Symbol_R == Symbol_C && abs(PricePS_R - PricePS_C) >= 1.0

In addition to the price difference expression, a distance constraint is set so that matched pairs must have timestamps within 60 seconds of each other. Output tuples contain the difference in price between the matched tuples, the price per share from each, and the time value from the Reuters tuple.

Each step of this example shows a new tuple being enqueued to the Join operator, and any output tuples that are released. The contents of the two operator buffers are shown after each tuple arrives and after any tuples are released.

  1. A tuple enters the Join operator on the ReutersIn input port (here shortened to R) and is stored in the buffer:

  2. A tuple enters on the ComstockIn port (shortened to C). The value of its first field (B) matches the symbol in the first tuple, but the price difference (in the second field) is less than one. Therefore, nothing is released by the Join operator:

  3. A tuple on the R port has a match on the other port, and its price difference is 1. The conditions for the join operation are met, and the Join operator emits an output tuple:

  4. A tuple is enqueued that contains a new stock symbol (A). Because it does not match any existing tuples, no output is produced:

  5. A tuple arrives on the C port whose symbol matches two tuples from the other port. In both cases, the price difference is greater than 1. As a result, two tuples are released - one for each match:

  6. A new tuple matches the symbol of one existing tuple on the other input port, with price difference of 2. Therefore, the Join operator emits another tuple:

  7. The last tuple, enqueued on the C input port, matches two tuples on the R port. However, the new tuple causes the range of time values in the matching tuples to exceed the specified join range of 60 seconds. The new tuple advances the high end of the range to 100, and the other matching tuples are now below the join range. As a result, the matching tuples on the other port are purged from the buffer, and no output is emitted:

Example 2: Tuple-Based Join

This example traces the execution of a tuple-based Join operation. The application is simple enough to clearly illustrate the basic idea of a tuple-based join. Each input port contains only two fields: a stock symbol and a price. The Join operator pairs tuples that match in both fields. The Window sizes are set to 3 for the first input port, and 2 for the second input port. When a join occurs, the output tuple includes the matched symbol and price values.

Each step of this example shows a new tuple being enqueued to the Join operator.
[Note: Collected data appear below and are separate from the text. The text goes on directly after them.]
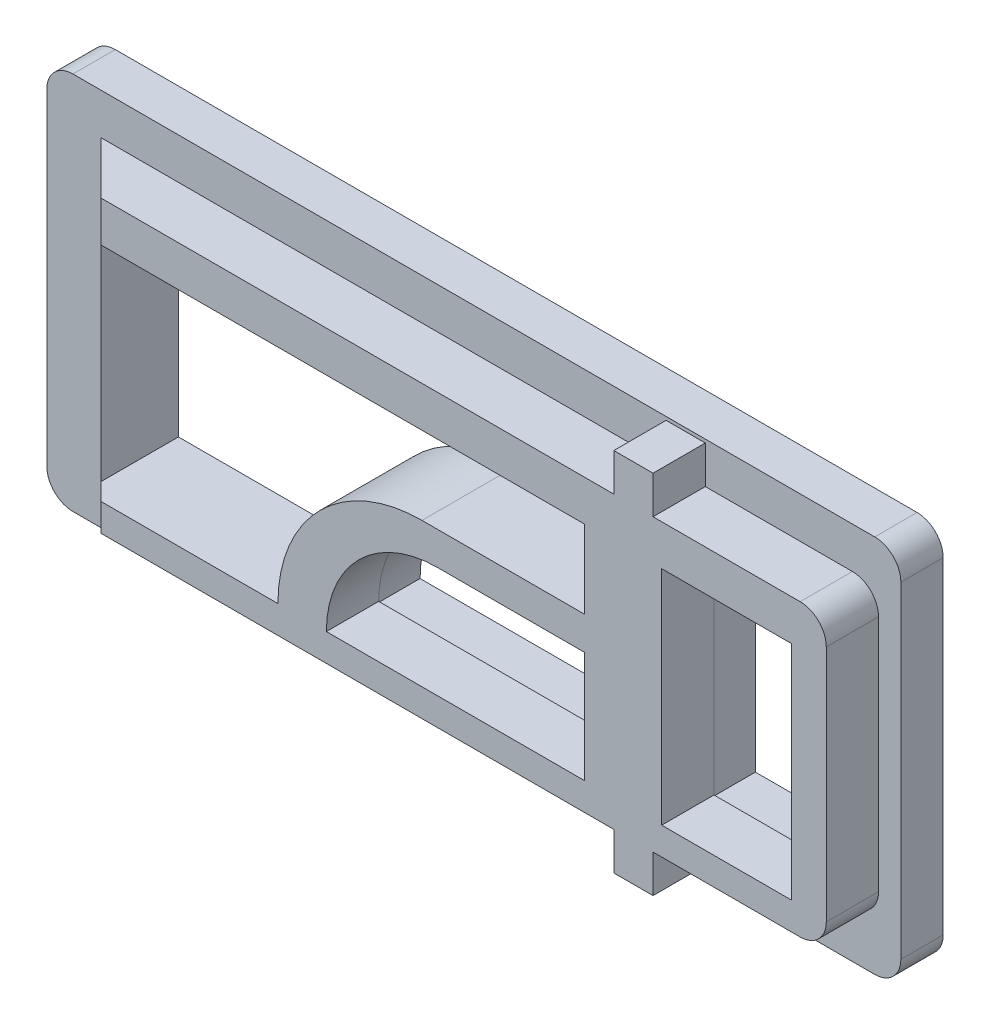
from build123d import *

# Parameters (mm, degrees)
SKETCH1_W           = 32.68
SKETCH1_H           = 14.5
BOSS_EXTRUDE2_DEPTH = 1.62
SKETCH3_W           = 4.962331447
SKETCH3_H           = 8.5
SKETCH3_W_2         = 1.5
SKETCH3_H_2         = 1.444155173
SKETCH3_H_3         = 1.444155172
BOSS_EXTRUDE3_DEPTH = 2
CUT_EXTRUDE1_START  = -2
SKETCH4_W           = 4.962331446
SKETCH4_H           = 8.5
CUT_EXTRUDE1_DEPTH  = 2
FILLET1_R           = 1
CHAMFER1_SIZE       = 2.3


with BuildPart() as part:
    # Sketch1 → Boss-Extrude2 (new body)
    with BuildSketch(Plane.XY):
        Rectangle(SKETCH1_W, SKETCH1_H)
    extrude(amount=-BOSS_EXTRUDE2_DEPTH)

    # Sketch3 → Boss-Extrude3 (add)
    # profile 1 of 3: a face of its own
    with BuildSketch(Plane.XY):
        Polygon((7.357218521, 5.676374473), (-14.565223124, 5.676374473), (-14.565223124, -5.435315182), (7.357218521, -5.435315182), (8.857218521, -5.435315182), (15.486501014, -5.435315182), (15.486501014, 5.676374473), (8.857218521, 5.676374473), align=None)
        with BuildLine():
            Line((6.231943334, 4.121127688), (6.231943334, 2.506027416))
            Line((6.231943334, 2.506027416), (6.231943334, 1.135297756))
            Line((6.231943334, 1.135297756), (0.017218521, 1.135297756))
            ThreePointArc((0.017218521, 1.135297756), (-3.881888527, -0.479765264), (-5.496951548, -4.378872312))
            Line((-5.496951548, -4.378872312), (-12.923950607, -4.378872312))
            Line((-12.923950607, -4.378872312), (-12.923950607, 4.121127688))
            Line((-12.923950607, 4.121127688), (6.231943334, 4.121127688))
        make_face(mode=Mode.SUBTRACT)
        with BuildLine():
            Line((6.231943334, -0.128872312), (6.231943334, -4.378872312))
            Line((6.231943334, -4.378872312), (-3.642781479, -4.378872312))
            ThreePointArc((-3.642781479, -4.378872312), (-2.397985299, -1.373668492), (0.607218521, -0.128872312))
            Line((0.607218521, -0.128872312), (6.231943334, -0.128872312))
        make_face(mode=Mode.SUBTRACT)
        with Locations((11.670056084, -0.128872312)):
            Rectangle(SKETCH3_W, SKETCH3_H, mode=Mode.SUBTRACT)
    # profile 2 of 3: a face of its own
    with BuildSketch(Plane.XY):
        with Locations((8.107218521, -6.157392769)):
            Rectangle(SKETCH3_W_2, SKETCH3_H_2)
    # profile 3 of 3: a face of its own
    with BuildSketch(Plane.XY):
        with Locations((8.107218521, 6.398452059)):
            Rectangle(SKETCH3_W_2, SKETCH3_H_3)
    extrude(amount=BOSS_EXTRUDE3_DEPTH)

    # Sketch4 → Cut-Extrude1 (cut)
    with BuildSketch(Plane.XY.offset(CUT_EXTRUDE1_START)):
        with BuildLine():
            Line((6.197506292, 1.135297756), (6.197506292, 2.437153333))
            Line((6.197506292, 2.437153333), (6.197506292, 4.052253605))
            Line((6.197506292, 4.052253605), (-12.923950607, 4.052253605))
            Line((-12.923950607, 4.052253605), (-12.923950607, -4.378872312))
            Line((-12.923950607, -4.378872312), (-5.530958441, -4.378872312))
            ThreePointArc((-5.530958441, -4.378872312), (-5.371289583, -3.128657844), (-4.931903418, -1.947357645))
            ThreePointArc((-4.931903418, -1.947357645), (-2.898110461, 0.301611474), (0.017218521, 1.135297756))
            Line((0.017218521, 1.135297756), (6.197506292, 1.135297756))
        make_face()
        with BuildLine():
            ThreePointArc((-3.677218521, -4.447746395), (-2.432422341, -1.442542575), (0.572781479, -0.197746395))
            Line((0.572781479, -0.197746395), (6.197506292, -0.197746395))
            Line((6.197506292, -0.197746395), (6.197506292, -4.447746395))
            Line((6.197506292, -4.447746395), (-3.677218521, -4.447746395))
        make_face()
        with Locations((11.635619042, -0.197746395)):
            Rectangle(SKETCH4_W, SKETCH4_H)
    extrude(amount=CUT_EXTRUDE1_DEPTH, mode=Mode.SUBTRACT)

    # Fillet1
    fillet1_edges = [part.edges().sort_by_distance(p)[0] for p in [
        (15.486501014, -5.435315182, 1),
        (15.486501014, 5.676374473, 1),
        (16.34, -7.25, -0.81),
        (-16.34, -7.25, -0.81),
        (-16.34, 7.25, -0.81),
        (16.34, 7.25, -0.81),
    ]]
    fillet(fillet1_edges, radius=FILLET1_R)

    # Chamfer1
    # the kernel refuses this chamfer: 2.3 mm, written as the material it takes off along each edge
    with BuildSketch(Plane(origin=(-14.565223124, 11.591245345, 2), x_dir=(-0.02749587661058623, 0, -0.9996219169112968), z_dir=(0, -1, 0))) as chamfer1_piece_1_section:
        Polygon((CHAMFER1_SIZE * 0.999621916911, CHAMFER1_SIZE * 0.0274958766106), (-CHAMFER1_SIZE * 0.0274958766106, CHAMFER1_SIZE * 0.999621916911), (0, 0), align=None)
    chamfer1_piece_1 = extrude(amount=22.9414314, mode=Mode.PRIVATE)
    chamfer1_piece_1 = split(chamfer1_piece_1, bisect_by=Plane(origin=(-13.786723821, 0.120529645, 0), z_dir=(0, 0, 1)), keep=Keep.TOP, mode=Mode.PRIVATE)
    add(chamfer1_piece_1, mode=Mode.SUBTRACT)


solid = part.part

The contents of the two windows are shown after each tuple arrives and after any tuples are released. The windows can be said to "move" over the stream of data: notice that when the number of arriving tuples exceeds a window's allocated size, the oldest tuples are dropped from the window.

  1. To begin, four tuples are enqueued. Tuples entering on the first input port are buffered in the Join operator's first window, and those entering on the second port are stored in the second window. No output occurs yet, because none of the tuples entering the first port matches any from the second port:

  2. Next, a tuple enters the second input port, and it matches a tuple in the first buffer. Therefore a Join occurs, and the operator releases a matching tuple. In addition, notice that when the window is full and a new tuple arrives, the window advances over the stream of tuples: the oldest tuple in the window (B, 60), is flushed from the window.

  3. Now, a sixth tuple entering the first input port fills the first input port's window. Note that no output occurs: recall that the matching tuple that was stored earlier in the other window was dropped in the preceding step.

  4. Finally, another tuple entering on the first input port causes its window to advance and flush its oldest tuple. Meanwhile, the new tuple matches one still stored in the second window, so the Join operator releases a tuple.